Laura Marling

Laura Marling – Semper Femina (Album Review)

Rating:

Laura Marling transforms Virgil’s criticising and warning Latin line from Aeneid ‘fickle and changeable always is woman’ to become a celebration of femininity in Semper Femina, her 6th studio album.

The first track, ‘Soothing’, constructs a sensuality with an ominous bass line and strings section that melts into her soft narrative. The bass carries a more jolly and upbeat rhythm to poignant lyrics in ‘Always This Way’ and slips into a small instrumental. Similarly, ‘Wild Fire’ makes use of instruments that weave in and out of one another. These two tracks present the empowering, determined, and questioning Laura Marling that we know.

There are expressions of strained relationships throughout the album, expressed explicitly in the line; “you always say you love me most when I don’t know I’m being seen, well maybe someday when God takes me away I’ll understand what the fuck that means”. Marling’s slinky exploration of sexuality, also shown in her directing debut of the music video to ‘Soothing’ featuring two latex clad women stretching over a bed and each other, continues into ‘Don’t Pass Me By’. Pizzicato strings jump in between her leering determination and apathy in her partner’s unfeeling actions.

The theme of relationships follows through to ‘The Valley’, with a beautiful British pastoral setting and emotive storytelling accompanied by a smooth string section against folk guitar plucking. The double bass is used here to underpin the discussion of sexuality that this album has embarked to explore in lyrics such as “we love beauty because it needs us to” and “innocence reminds us to cover our drooling gaze”.

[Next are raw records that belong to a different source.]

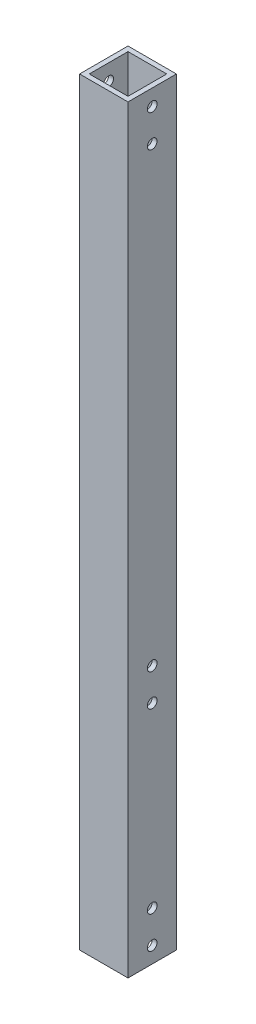
from build123d import *

# Parameters (mm, degrees)
SKETCH1_W              = 15
SKETCH1_H              = 15
SKETCH1_W_2            = 12
SKETCH1_H_2            = 12
EXTRUDE_THIN1_DEPTH    = 235
CUT_EXTRUDE1_OUTLINE_R = 1.5
CUT_EXTRUDE1_DEPTH     = 15
SKETCH3_R              = 1.5
CUT_EXTRUDE2_DEPTH     = 236.95550428


# Read off the part's stored shape, not the designer's step: Cut-Extrude1
with BuildPart() as part:
    # Sketch1 → Extrude-Thin1 (new body)
    with BuildSketch(Plane(origin=(0, 0, 0), x_dir=(1, 0, 0), z_dir=(0, 1, 0))):
        with Locations((7.5, 7.5)):
            Rectangle(SKETCH1_W, SKETCH1_H)
        with Locations((7.5, 7.5)):
            Rectangle(SKETCH1_W_2, SKETCH1_H_2, mode=Mode.SUBTRACT)
    extrude(amount=EXTRUDE_THIN1_DEPTH)

    # Cut-Extrude1 outline → Cut-Extrude1 (cut)
    with BuildSketch(Plane.YZ):
        with Locations((15, -7.5)):
            Circle(CUT_EXTRUDE1_OUTLINE_R)
        with Locations((5, -7.5)):
            Circle(CUT_EXTRUDE1_OUTLINE_R)
        with Locations((220, -7.5)):
            Circle(CUT_EXTRUDE1_OUTLINE_R)
        with Locations((230, -7.5)):
            Circle(CUT_EXTRUDE1_OUTLINE_R)
    extrude(amount=CUT_EXTRUDE1_DEPTH, mode=Mode.SUBTRACT)

    # Sketch3 → Cut-Extrude2 (cut, through all)
    with BuildSketch(Plane(origin=(15, 0, 0), x_dir=(0, 0, -1), z_dir=(1, 0, 0))):
        with Locations((7.5, 80)):
            Circle(SKETCH3_R)
        with Locations((7.5, 70)):
            Circle(SKETCH3_R)
    extrude(amount=-CUT_EXTRUDE2_DEPTH, mode=Mode.SUBTRACT)


solid = part.part
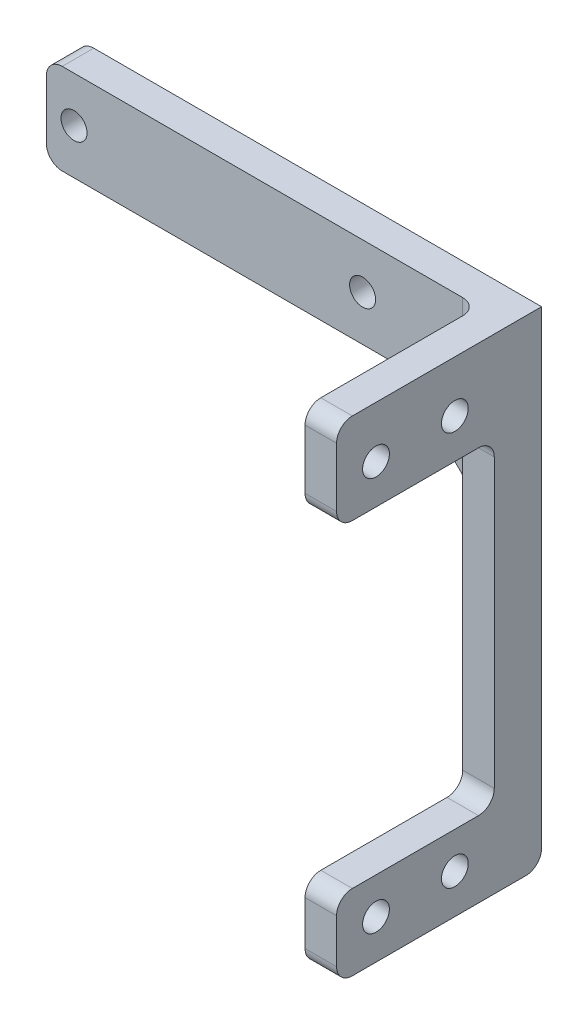
from build123d import *

# Parameters (mm, degrees)
SKETCH1_W           = 58.8
SKETCH1_H           = 4
SKETCH1_W_2         = 4
SKETCH1_H_2         = 22
BOSS_EXTRUDE1_DEPTH = 11.5
CUT_EXTRUDE1_REACH  = 67.312
SKETCH2_R           = 1.65
SKETCH3_W           = 4
SKETCH3_H           = 26
BOSS_EXTRUDE2_DEPTH = 50
CUT_EXTRUDE2_REACH  = 80.607
SKETCH4_R           = 1.7
SKETCH4_W           = 20
SKETCH4_H           = 40.4
CHAMFER1_SIZE       = 10
FILLET1_R           = 2
FILLET2_R           = 2
FILLET3_R           = 2
FILLET4_R           = 2


with BuildPart() as part:
    # Sketch1 → Boss-Extrude1 (new body)
    with BuildSketch(Plane(origin=(0, 0, 0), x_dir=(1, 0, 0), z_dir=(0, 1, 0))):
        with Locations((29.4, -2)):
            Rectangle(SKETCH1_W, SKETCH1_H)
        with Locations((56.8, -15)):
            Rectangle(SKETCH1_W_2, SKETCH1_H_2)
    extrude(amount=BOSS_EXTRUDE1_DEPTH)

    # Sketch2 → Cut-Extrude1 (cut, up to next)
    with BuildSketch(Plane(origin=(0, 0, 0), x_dir=(-1, 0, 0), z_dir=(0, 0, -1)), mode=Mode.PRIVATE) as cut_extrude1_sk1:
        with Locations((-3.5, 5.75)):
            Circle(SKETCH2_R)
    cut_extrude1_tool1 = extrude(cut_extrude1_sk1.sketch, amount=-CUT_EXTRUDE1_REACH, mode=Mode.PRIVATE) & part.part
    # Sketch2 → Cut-Extrude1 (cut, up to next)
    with BuildSketch(Plane(origin=(0, 0, 0), x_dir=(-1, 0, 0), z_dir=(0, 0, -1)), mode=Mode.PRIVATE) as cut_extrude1_sk2:
        with Locations((-40.1, 5.75)):
            Circle(SKETCH2_R)
    cut_extrude1_tool2 = extrude(cut_extrude1_sk2.sketch, amount=-CUT_EXTRUDE1_REACH, mode=Mode.PRIVATE) & part.part
    add(cut_extrude1_tool1.solids().sort_by_distance((3.5, 5.75, 0))[0], mode=Mode.SUBTRACT)
    add(cut_extrude1_tool2.solids().sort_by_distance((40.1, 5.75, 0))[0], mode=Mode.SUBTRACT)

    # Sketch3 → Boss-Extrude2 (add)
    with BuildSketch(Plane.XZ):
        with Locations((56.8, 13)):
            Rectangle(SKETCH3_W, SKETCH3_H)
    extrude(amount=BOSS_EXTRUDE2_DEPTH)

    # Sketch4 → Cut-Extrude2 (cut, up to next)
    with BuildSketch(Plane.ZY.offset(-54.8), mode=Mode.PRIVATE) as cut_extrude2_sk1:
        with Locations((11, 5)):
            Circle(SKETCH4_R)
    cut_extrude2_tool1 = extrude(cut_extrude2_sk1.sketch, amount=-CUT_EXTRUDE2_REACH, mode=Mode.PRIVATE) & part.part
    # Sketch4 → Cut-Extrude2 (cut, up to next)
    with BuildSketch(Plane.ZY.offset(-54.8), mode=Mode.PRIVATE) as cut_extrude2_sk2:
        with Locations((21, 5)):
            Circle(SKETCH4_R)
    cut_extrude2_tool2 = extrude(cut_extrude2_sk2.sketch, amount=-CUT_EXTRUDE2_REACH, mode=Mode.PRIVATE) & part.part
    # Sketch4 → Cut-Extrude2 (cut, up to next)
    with BuildSketch(Plane.ZY.offset(-54.8), mode=Mode.PRIVATE) as cut_extrude2_sk3:
        with Locations((21, -45)):
            Circle(SKETCH4_R)
    cut_extrude2_tool3 = extrude(cut_extrude2_sk3.sketch, amount=-CUT_EXTRUDE2_REACH, mode=Mode.PRIVATE) & part.part
    # Sketch4 → Cut-Extrude2 (cut, up to next)
    with BuildSketch(Plane.ZY.offset(-54.8), mode=Mode.PRIVATE) as cut_extrude2_sk4:
        with Locations((11, -45)):
            Circle(SKETCH4_R)
    cut_extrude2_tool4 = extrude(cut_extrude2_sk4.sketch, amount=-CUT_EXTRUDE2_REACH, mode=Mode.PRIVATE) & part.part
    # Sketch4 → Cut-Extrude2 (cut, up to next)
    with BuildSketch(Plane.ZY.offset(-54.8), mode=Mode.PRIVATE) as cut_extrude2_sk5:
        with Locations((16, -20.2)):
            Rectangle(SKETCH4_W, SKETCH4_H)
    cut_extrude2_tool5 = extrude(cut_extrude2_sk5.sketch, amount=-CUT_EXTRUDE2_REACH, mode=Mode.PRIVATE) & part.part
    add(cut_extrude2_tool1.solids().sort_by_distance((54.8, 5, 11))[0], mode=Mode.SUBTRACT)
    add(cut_extrude2_tool2.solids().sort_by_distance((54.8, 5, 21))[0], mode=Mode.SUBTRACT)
    add(cut_extrude2_tool3.solids().sort_by_distance((54.8, -45, 21))[0], mode=Mode.SUBTRACT)
    add(cut_extrude2_tool4.solids().sort_by_distance((54.8, -45, 11))[0], mode=Mode.SUBTRACT)
    add(cut_extrude2_tool5.solids().sort_by_distance((54.8, -20.2, 16))[0], mode=Mode.SUBTRACT)

    # Chamfer1
    chamfer1_edges = [part.edges().sort_by_distance(p)[0] for p in [
        (54.8, 0, 2),
    ]]
    chamfer(chamfer1_edges, length=CHAMFER1_SIZE)

    # Fillet1
    fillet1_edges = [part.edges().sort_by_distance(p)[0] for p in [
        (54.8, 0.75, 4),
    ]]
    fillet(fillet1_edges, radius=FILLET1_R - 0.0001)  # a hair under: the kernel refuses the full size

    # Fillet2
    fillet2_edges = [part.edges().sort_by_distance(p)[0] for p in [
        (56.8, -50, 26),
        (56.8, -40.4, 26),
        (56.8, 0, 26),
        (56.8, 11.5, 26),
        (54.8, -10, 2.99995),
        (44.8, 0, 2),
        (0, 11.5, 2),
        (0, 0, 2),
    ]]
    fillet(fillet2_edges, radius=FILLET2_R)

    # Fillet3
    fillet3_edges = [part.edges().sort_by_distance(p)[0] for p in [
        (56.8, -40.4, 6),
        (56.8, 0, 6),
    ]]
    fillet(fillet3_edges, radius=FILLET3_R)

    # Fillet4
    fillet4_edges = [part.edges().sort_by_distance(p)[0] for p in [
        (56.8, -50, 0),
    ]]
    fillet(fillet4_edges, radius=FILLET4_R)


solid = part.part

There is a sense of calculated and tangible chord progressions in ‘Next Time’, complete with telling lyrics, while ‘Nouel’ stands as one of the strongest tracks of the album, partly because of its references to Virgil’s poem and other important cultural references. Marling deconstructs ideas of herself against Nouel’s character and the woman as muse. The fast paced plucking of this track is a nod to Marling’s musical and personal development across her albums.

‘Nothing, Not Nearly’ also uses the speak-singing vocal rhythm that is a frequent feature of Marling’s songwriting, and although it feels as if it could come from an earlier album, the distorted guitar comes to the front for a solo and separates it from anything Marling has really done before. This track closes the album with the sound of a guitar being put down and an entrance into the outside world suggested by the sound of birdsong; maybe something of the symbolic and metaphorical that can be read throughout this album.

Semper Femina’s use of relatable lyrics, cultural references allows for a calculated and accomplished peek into the spectrum of feminine identity and sexuality. Marling’s effortless gliding between vocal pitch, use of acoustic guitars mixed with orchestral sweeps, and varying perspectives throughout the album, sometimes signalled with subtle accent changes, encourages ideas of characters and the variety of women that Virgil tried to stand on. The ideas of nature, which Marling’s work is so often interested in, as well as a growing wisdom and maturity, sees Semper Femina achieve an awareness that there is much to discover in being both a woman and a being human.